Newt’s face paled and Blackfist chuckled.
“But I told her I had a headache and gave her a first realm spirit gem for her trouble before sending her off.” His smile widened. “I wanted to tell her I planned to wash my hair, but it seemed too inappropriate.”
Newt did not understand what the sect master was talking about, but some hope returned to his eyes.
“You mean…” he did not complete the sentence and left it hanging.
“I did not penetrate your childhood sweetheart, but given the way you are acting, I should do what any would-be mentor ought and shatter your ideal vision of her.” Blackfist paused, dead serious. “The problem is you would hate me for the rest of your life, and as I have said, I would prefer us to be friends for a long time to come.
“See, you are gnashing your teeth already, even after I told you I have not laid a finger on her.” Blackfist shook his head. “I will blame the hormones for your behavior. Now, would you like some tea or should I drink it alone.”
“Drink it alone,” Newt snapped at Blackfist, whose smile faded as he raised an eyebrow, not amused in the slightest.
“Kid,” the sect master’s voice turned air into ice. “Get out of my meditation room and come back when you cool your head. If you cannot calm your mind, do not bother coming back.”
Newt stared at the sect master, his chest feeling too tight to breathe.
Blackfist rose to his feet in a blur of motion and pointed his finger at the door. “Get out!”
Newt fled.
Suddenly, the chuckling, tea-chugging man had turned into a demon of destruction, and Newt knew that disobeying him would get him killed on the spot. He dashed into the street, the guards following his sprint with confused gazes.
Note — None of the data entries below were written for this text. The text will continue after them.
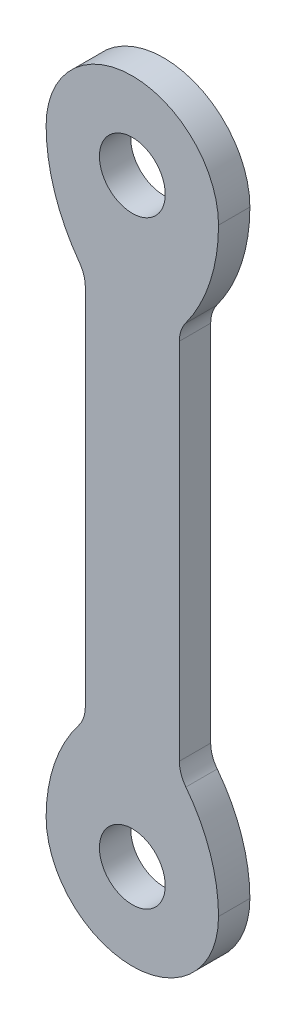
ISO-10303-21;
HEADER;
FILE_DESCRIPTION(('STEP AP214'),'2;1');
FILE_NAME('part.step','',(''),(''),'','','');
FILE_SCHEMA(('AUTOMOTIVE_DESIGN { 1 0 10303 214 1 1 1 1 }'));
ENDSEC;
DATA;
#1=APPLICATION_CONTEXT('core data for automotive mechanical design processes');
#2=APPLICATION_PROTOCOL_DEFINITION('international standard','automotive_design',2000,#1);
#3=PRODUCT_CONTEXT('',#1,'mechanical');
#4=PRODUCT('Part','Part','',(#3));
#5=PRODUCT_RELATED_PRODUCT_CATEGORY('part','',(#4));
#6=PRODUCT_DEFINITION_FORMATION('','',#4);
#7=PRODUCT_DEFINITION_CONTEXT('part definition',#1,'design');
#8=PRODUCT_DEFINITION('design','',#6,#7);
#9=PRODUCT_DEFINITION_SHAPE('','',#8);
#10=(LENGTH_UNIT() NAMED_UNIT(*) SI_UNIT(.MILLI.,.METRE.));
#11=(NAMED_UNIT(*) PLANE_ANGLE_UNIT() SI_UNIT($,.RADIAN.));
#12=(NAMED_UNIT(*) SI_UNIT($,.STERADIAN.) SOLID_ANGLE_UNIT());
#13=UNCERTAINTY_MEASURE_WITH_UNIT(LENGTH_MEASURE(1.E-05),#10,'distance_accuracy_value','');
#14=(GEOMETRIC_REPRESENTATION_CONTEXT(3) GLOBAL_UNCERTAINTY_ASSIGNED_CONTEXT((#13)) GLOBAL_UNIT_ASSIGNED_CONTEXT((#10,
#11,#12)) REPRESENTATION_CONTEXT('',''));
#15=CARTESIAN_POINT('',(0.,0.,0.));
#16=DIRECTION('',(0.,0.,1.));
#17=DIRECTION('',(1.,0.,0.));
#18=AXIS2_PLACEMENT_3D('',#15,#16,#17);
#19=CARTESIAN_POINT('',(0.,0.,10.));
#20=DIRECTION('',(0.,0.,-1.));
#21=DIRECTION('',(-1.,0.,0.));
#22=AXIS2_PLACEMENT_3D('',#19,#20,#21);
#23=CYLINDRICAL_SURFACE('',#22,27.5);
#24=CARTESIAN_POINT('',(0.,0.,0.));
#25=DIRECTION('',(0.,0.,1.));
#26=DIRECTION('',(1.,0.,0.));
#27=AXIS2_PLACEMENT_3D('',#24,#25,#26);
#28=CIRCLE('',#27,27.5);
#29=CARTESIAN_POINT('',(-27.5,-1.77635683940025E-13,0.));
#30=VERTEX_POINT('',#29);
#31=CARTESIAN_POINT('',(27.5,0.,0.));
#32=VERTEX_POINT('',#31);
#33=EDGE_CURVE('E164',#30,#32,#28,.T.);
#34=ORIENTED_EDGE('',*,*,#33,.T.);
#35=DIRECTION('',(0.,0.,-1.));
#36=VECTOR('',#35,1.);
#37=CARTESIAN_POINT('',(27.5,0.,10.));
#38=LINE('',#37,#36);
#39=CARTESIAN_POINT('',(27.5,0.,10.));
#40=VERTEX_POINT('',#39);
#41=EDGE_CURVE('E11',#40,#32,#38,.T.);
#42=ORIENTED_EDGE('',*,*,#41,.F.);
#43=CARTESIAN_POINT('',(0.,0.,10.));
#44=DIRECTION('',(0.,0.,1.));
#45=DIRECTION('',(1.,0.,0.));
#46=AXIS2_PLACEMENT_3D('',#43,#44,#45);
#47=CIRCLE('',#46,27.5);
#48=CARTESIAN_POINT('',(-27.5,-1.77635683940025E-13,10.));
#49=VERTEX_POINT('',#48);
#50=EDGE_CURVE('E190',#49,#40,#47,.T.);
#51=ORIENTED_EDGE('',*,*,#50,.F.);
#52=DIRECTION('',(0.,0.,-1.));
#53=VECTOR('',#52,1.);
#54=CARTESIAN_POINT('',(-27.5,-1.77635683940025E-13,10.));
#55=LINE('',#54,#53);
#56=EDGE_CURVE('E160',#49,#30,#55,.T.);
#57=ORIENTED_EDGE('',*,*,#56,.T.);
#58=EDGE_LOOP('',(#34,#42,#51,#57));
#59=FACE_BOUND('',#58,.T.);
#60=ADVANCED_FACE('F38',(#59),#23,.T.);
#61=CARTESIAN_POINT('',(-22.5,0.,10.));
#62=DIRECTION('',(0.,0.,-1.));
#63=DIRECTION('',(-1.,0.,0.));
#64=AXIS2_PLACEMENT_3D('',#61,#62,#63);
#65=CYLINDRICAL_SURFACE('',#64,50.);
#66=CARTESIAN_POINT('',(-22.5,0.,0.));
#67=DIRECTION('',(0.,0.,1.));
#68=DIRECTION('',(1.,0.,0.));
#69=AXIS2_PLACEMENT_3D('',#66,#67,#68);
#70=CIRCLE('',#69,50.);
#71=CARTESIAN_POINT('',(17.0833333333333,30.547663122115,0.));
#72=VERTEX_POINT('',#71);
#73=EDGE_CURVE('E168',#32,#72,#70,.T.);
#74=ORIENTED_EDGE('',*,*,#73,.T.);
#75=DIRECTION('',(0.,0.,-1.));
#76=VECTOR('',#75,1.);
#77=CARTESIAN_POINT('',(17.0833333333333,30.547663122115,10.));
#78=LINE('',#77,#76);
#79=CARTESIAN_POINT('',(17.0833333333333,30.547663122115,10.));
#80=VERTEX_POINT('',#79);
#81=EDGE_CURVE('E47',#80,#72,#78,.T.);
#82=ORIENTED_EDGE('',*,*,#81,.F.);
#83=CARTESIAN_POINT('',(-22.5,0.,10.));
#84=DIRECTION('',(0.,0.,1.));
#85=DIRECTION('',(1.,0.,0.));
#86=AXIS2_PLACEMENT_3D('',#83,#84,#85);
#87=CIRCLE('',#86,50.);
#88=EDGE_CURVE('E114',#40,#80,#87,.T.);
#89=ORIENTED_EDGE('',*,*,#88,.F.);
#90=ORIENTED_EDGE('',*,*,#41,.T.);
#91=EDGE_LOOP('',(#74,#82,#89,#90));
#92=FACE_BOUND('',#91,.T.);
#93=ADVANCED_FACE('F270',(#92),#65,.T.);
#94=CARTESIAN_POINT('',(25.,36.6571957465379,10.));
#95=DIRECTION('',(0.,0.,-1.));
#96=DIRECTION('',(-1.,0.,0.));
#97=AXIS2_PLACEMENT_3D('',#94,#95,#96);
#98=CYLINDRICAL_SURFACE('',#97,10.);
#99=CARTESIAN_POINT('',(25.,36.6571957465379,0.));
#100=DIRECTION('',(0.,0.,-1.));
#101=DIRECTION('',(-1.,0.,0.));
#102=AXIS2_PLACEMENT_3D('',#99,#100,#101);
#103=CIRCLE('',#102,10.);
#104=CARTESIAN_POINT('',(15.,36.6571957465379,0.));
#105=VERTEX_POINT('',#104);
#106=EDGE_CURVE('E172',#72,#105,#103,.T.);
#107=ORIENTED_EDGE('',*,*,#106,.T.);
#108=DIRECTION('',(0.,0.,-1.));
#109=VECTOR('',#108,1.);
#110=CARTESIAN_POINT('',(15.,36.6571957465379,10.));
#111=LINE('',#110,#109);
#112=CARTESIAN_POINT('',(15.,36.6571957465379,10.));
#113=VERTEX_POINT('',#112);
#114=EDGE_CURVE('E210',#113,#105,#111,.T.);
#115=ORIENTED_EDGE('',*,*,#114,.F.);
#116=CARTESIAN_POINT('',(25.,36.6571957465379,10.));
#117=DIRECTION('',(0.,0.,-1.));
#118=DIRECTION('',(-1.,0.,0.));
#119=AXIS2_PLACEMENT_3D('',#116,#117,#118);
#120=CIRCLE('',#119,10.);
#121=EDGE_CURVE('E218',#80,#113,#120,.T.);
#122=ORIENTED_EDGE('',*,*,#121,.F.);
#123=ORIENTED_EDGE('',*,*,#81,.T.);
#124=EDGE_LOOP('',(#107,#115,#122,#123));
#125=FACE_BOUND('',#124,.T.);
#126=ADVANCED_FACE('F216',(#125),#98,.F.);
#127=CARTESIAN_POINT('',(15.,36.6571957465379,10.));
#128=DIRECTION('',(-1.,0.,0.));
#129=DIRECTION('',(0.,0.,1.));
#130=AXIS2_PLACEMENT_3D('',#127,#128,#129);
#131=PLANE('',#130);
#132=DIRECTION('',(0.,1.,0.));
#133=VECTOR('',#132,1.);
#134=CARTESIAN_POINT('',(15.,36.6571957465379,0.));
#135=LINE('',#134,#133);
#136=CARTESIAN_POINT('',(15.,152.67572570811,0.));
#137=VERTEX_POINT('',#136);
#138=EDGE_CURVE('E174',#105,#137,#135,.T.);
#139=ORIENTED_EDGE('',*,*,#138,.T.);
#140=DIRECTION('',(0.,0.,-1.));
#141=VECTOR('',#140,1.);
#142=CARTESIAN_POINT('',(15.,152.67572570811,10.));
#143=LINE('',#142,#141);
#144=CARTESIAN_POINT('',(15.,152.67572570811,10.));
#145=VERTEX_POINT('',#144);
#146=EDGE_CURVE('E207',#145,#137,#143,.T.);
#147=ORIENTED_EDGE('',*,*,#146,.F.);
#148=DIRECTION('',(0.,1.,0.));
#149=VECTOR('',#148,1.);
#150=CARTESIAN_POINT('',(15.,36.6571957465379,10.));
#151=LINE('',#150,#149);
#152=EDGE_CURVE('E236',#113,#145,#151,.T.);
#153=ORIENTED_EDGE('',*,*,#152,.F.);
#154=ORIENTED_EDGE('',*,*,#114,.T.);
#155=EDGE_LOOP('',(#139,#147,#153,#154));
#156=FACE_BOUND('',#155,.T.);
#157=ADVANCED_FACE('F227',(#156),#131,.F.);
#158=CARTESIAN_POINT('',(25.,152.67572570811,10.));
#159=DIRECTION('',(0.,0.,-1.));
#160=DIRECTION('',(-1.,0.,0.));
#161=AXIS2_PLACEMENT_3D('',#158,#159,#160);
#162=CYLINDRICAL_SURFACE('',#161,10.);
#163=CARTESIAN_POINT('',(25.,152.67572570811,0.));
#164=DIRECTION('',(0.,0.,-1.));
#165=DIRECTION('',(1.,0.,0.));
#166=AXIS2_PLACEMENT_3D('',#163,#164,#165);
#167=CIRCLE('',#166,10.);
#168=CARTESIAN_POINT('',(16.9230769230769,158.571767906863,0.));
#169=VERTEX_POINT('',#168);
#170=EDGE_CURVE('E176',#137,#169,#167,.T.);
#171=ORIENTED_EDGE('',*,*,#170,.T.);
#172=DIRECTION('',(0.,0.,-1.));
#173=VECTOR('',#172,1.);
#174=CARTESIAN_POINT('',(16.9230769230769,158.571767906863,10.));
#175=LINE('',#174,#173);
#176=CARTESIAN_POINT('',(16.9230769230769,158.571767906863,10.));
#177=VERTEX_POINT('',#176);
#178=EDGE_CURVE('E204',#177,#169,#175,.T.);
#179=ORIENTED_EDGE('',*,*,#178,.F.);
#180=CARTESIAN_POINT('',(25.,152.67572570811,10.));
#181=DIRECTION('',(0.,0.,-1.));
#182=DIRECTION('',(1.,0.,0.));
#183=AXIS2_PLACEMENT_3D('',#180,#181,#182);
#184=CIRCLE('',#183,10.);
#185=EDGE_CURVE('E233',#145,#177,#184,.T.);
#186=ORIENTED_EDGE('',*,*,#185,.F.);
#187=ORIENTED_EDGE('',*,*,#146,.T.);
#188=EDGE_LOOP('',(#171,#179,#186,#187));
#189=FACE_BOUND('',#188,.T.);
#190=ADVANCED_FACE('F231',(#189),#162,.F.);
#191=CARTESIAN_POINT('',(-27.5,191.,10.));
#192=DIRECTION('',(0.,0.,-1.));
#193=DIRECTION('',(-1.,0.,0.));
#194=AXIS2_PLACEMENT_3D('',#191,#192,#193);
#195=CYLINDRICAL_SURFACE('',#194,55.);
#196=CARTESIAN_POINT('',(-27.5,191.,0.));
#197=DIRECTION('',(0.,0.,1.));
#198=DIRECTION('',(-1.,0.,0.));
#199=AXIS2_PLACEMENT_3D('',#196,#197,#198);
#200=CIRCLE('',#199,55.);
#201=CARTESIAN_POINT('',(27.5,191.,0.));
#202=VERTEX_POINT('',#201);
#203=EDGE_CURVE('E178',#169,#202,#200,.T.);
#204=ORIENTED_EDGE('',*,*,#203,.T.);
#205=DIRECTION('',(0.,0.,-1.));
#206=VECTOR('',#205,1.);
#207=CARTESIAN_POINT('',(27.5,191.,10.));
#208=LINE('',#207,#206);
#209=CARTESIAN_POINT('',(27.5,191.,10.));
#210=VERTEX_POINT('',#209);
#211=EDGE_CURVE('E201',#210,#202,#208,.T.);
#212=ORIENTED_EDGE('',*,*,#211,.F.);
#213=CARTESIAN_POINT('',(-27.5,191.,10.));
#214=DIRECTION('',(0.,0.,1.));
#215=DIRECTION('',(-1.,0.,0.));
#216=AXIS2_PLACEMENT_3D('',#213,#214,#215);
#217=CIRCLE('',#216,55.);
#218=EDGE_CURVE('E235',#177,#210,#217,.T.);
#219=ORIENTED_EDGE('',*,*,#218,.F.);
#220=ORIENTED_EDGE('',*,*,#178,.T.);
#221=EDGE_LOOP('',(#204,#212,#219,#220));
#222=FACE_BOUND('',#221,.T.);
#223=ADVANCED_FACE('F283',(#222),#195,.T.);
#224=CARTESIAN_POINT('',(0.,191.,10.));
#225=DIRECTION('',(0.,0.,-1.));
#226=DIRECTION('',(-1.,0.,0.));
#227=AXIS2_PLACEMENT_3D('',#224,#225,#226);
#228=CYLINDRICAL_SURFACE('',#227,27.5);
#229=CARTESIAN_POINT('',(0.,191.,0.));
#230=DIRECTION('',(0.,0.,1.));
#231=DIRECTION('',(1.,0.,0.));
#232=AXIS2_PLACEMENT_3D('',#229,#230,#231);
#233=CIRCLE('',#232,27.5);
#234=CARTESIAN_POINT('',(-27.5,191.,0.));
#235=VERTEX_POINT('',#234);
#236=EDGE_CURVE('E180',#202,#235,#233,.T.);
#237=ORIENTED_EDGE('',*,*,#236,.T.);
#238=DIRECTION('',(0.,0.,-1.));
#239=VECTOR('',#238,1.);
#240=CARTESIAN_POINT('',(-27.5,191.,10.));
#241=LINE('',#240,#239);
#242=CARTESIAN_POINT('',(-27.5,191.,10.));
#243=VERTEX_POINT('',#242);
#244=EDGE_CURVE('E198',#243,#235,#241,.T.);
#245=ORIENTED_EDGE('',*,*,#244,.F.);
#246=CARTESIAN_POINT('',(0.,191.,10.));
#247=DIRECTION('',(0.,0.,1.));
#248=DIRECTION('',(1.,0.,0.));
#249=AXIS2_PLACEMENT_3D('',#246,#247,#248);
#250=CIRCLE('',#249,27.5);
#251=EDGE_CURVE('E238',#210,#243,#250,.T.);
#252=ORIENTED_EDGE('',*,*,#251,.F.);
#253=ORIENTED_EDGE('',*,*,#211,.T.);
#254=EDGE_LOOP('',(#237,#245,#252,#253));
#255=FACE_BOUND('',#254,.T.);
#256=ADVANCED_FACE('F286',(#255),#228,.T.);
#257=CARTESIAN_POINT('',(27.5,191.,10.));
#258=DIRECTION('',(0.,0.,-1.));
#259=DIRECTION('',(-1.,0.,0.));
#260=AXIS2_PLACEMENT_3D('',#257,#258,#259);
#261=CYLINDRICAL_SURFACE('',#260,55.);
#262=CARTESIAN_POINT('',(27.5,191.,0.));
#263=DIRECTION('',(0.,0.,1.));
#264=DIRECTION('',(1.,0.,0.));
#265=AXIS2_PLACEMENT_3D('',#262,#263,#264);
#266=CIRCLE('',#265,55.);
#267=CARTESIAN_POINT('',(-16.9230769230769,158.571767906863,0.));
#268=VERTEX_POINT('',#267);
#269=EDGE_CURVE('E182',#235,#268,#266,.T.);
#270=ORIENTED_EDGE('',*,*,#269,.T.);
#271=DIRECTION('',(0.,0.,-1.));
#272=VECTOR('',#271,1.);
#273=CARTESIAN_POINT('',(-16.9230769230769,158.571767906863,10.));
#274=LINE('',#273,#272);
#275=CARTESIAN_POINT('',(-16.9230769230769,158.571767906863,10.));
#276=VERTEX_POINT('',#275);
#277=EDGE_CURVE('E195',#276,#268,#274,.T.);
#278=ORIENTED_EDGE('',*,*,#277,.F.);
#279=CARTESIAN_POINT('',(27.5,191.,10.));
#280=DIRECTION('',(0.,0.,1.));
#281=DIRECTION('',(1.,0.,0.));
#282=AXIS2_PLACEMENT_3D('',#279,#280,#281);
#283=CIRCLE('',#282,55.);
#284=EDGE_CURVE('E244',#243,#276,#283,.T.);
#285=ORIENTED_EDGE('',*,*,#284,.F.);
#286=ORIENTED_EDGE('',*,*,#244,.T.);
#287=EDGE_LOOP('',(#270,#278,#285,#286));
#288=FACE_BOUND('',#287,.T.);
#289=ADVANCED_FACE('F250',(#288),#261,.T.);
#290=CARTESIAN_POINT('',(-25.,152.67572570811,10.));
#291=DIRECTION('',(0.,0.,-1.));
#292=DIRECTION('',(-1.,0.,0.));
#293=AXIS2_PLACEMENT_3D('',#290,#291,#292);
#294=CYLINDRICAL_SURFACE('',#293,10.);
#295=CARTESIAN_POINT('',(-25.,152.67572570811,0.));
#296=DIRECTION('',(0.,0.,-1.));
#297=DIRECTION('',(-1.,0.,0.));
#298=AXIS2_PLACEMENT_3D('',#295,#296,#297);
#299=CIRCLE('',#298,10.);
#300=CARTESIAN_POINT('',(-15.,152.67572570811,0.));
#301=VERTEX_POINT('',#300);
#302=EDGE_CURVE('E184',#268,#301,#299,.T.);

He stopped running after a few dozen yards and looked around. Even though the Black Fist sect was dead at the center of the city, there were no merchants, no street stalls, and only a handful of passersby.
Grumbling about amiability and cursing Blackfist, Newt went to find a food stall with something to eat. He believed the hour was too early, especially since there was no crowd, but the food providers were fanning the coals, with meats, vegetables, and treats sizzling on their grills or in their pans.
The scent of spiced food made Newt drool, and the heavy press of bodies he pushed against the day before was lighter, with fewer people in the streets so early.
The youth exchanged a handful of metal for sustenance and sat down by the side of the road. He dipped the crispy meat into a sweet and hot sauce and chewed it with zeal. Slowly, he calmed and considered what had happened that morning.
He was acting like a young master again. The brash behavior, the arrogant tone, Newt was repeating the pattern for which he believed he had suffered karmic retribution.
And what about Blackfist?
Thus far, he had done nothing to harm Newt. He offered warnings, free advice, and gave him cultivation resources. The situation still reeked. Newt was not so naive to believe anybody would treat him that well without getting something in return.
Then he tried something his father had often mentioned. Newt placed himself in Blackfist’s position. He had wasted time on a boy he had no reason to take seriously. A whole day, in fact, and he seemed ready to waste another. Why? Newt forced the question out of his mind temporarily. So, he invested his time to treat a child seriously, and the child threw a tantrum.
Yeah, I would be angry too. Newt tore a chunk of fried bread and chewed it when he realized that he was mistaken. He recalled Blackfist’s eyes, and they were not burning with anger.
He was disappointed.
Newt finished his breakfast and calmly returned to the Black Fist Sect. The guards made no attempt to stop him, but they were having a hard time, struggling not to laugh at him.
He went to the Sect Master’s meditation chamber and knocked.
“May I come in, Senior?”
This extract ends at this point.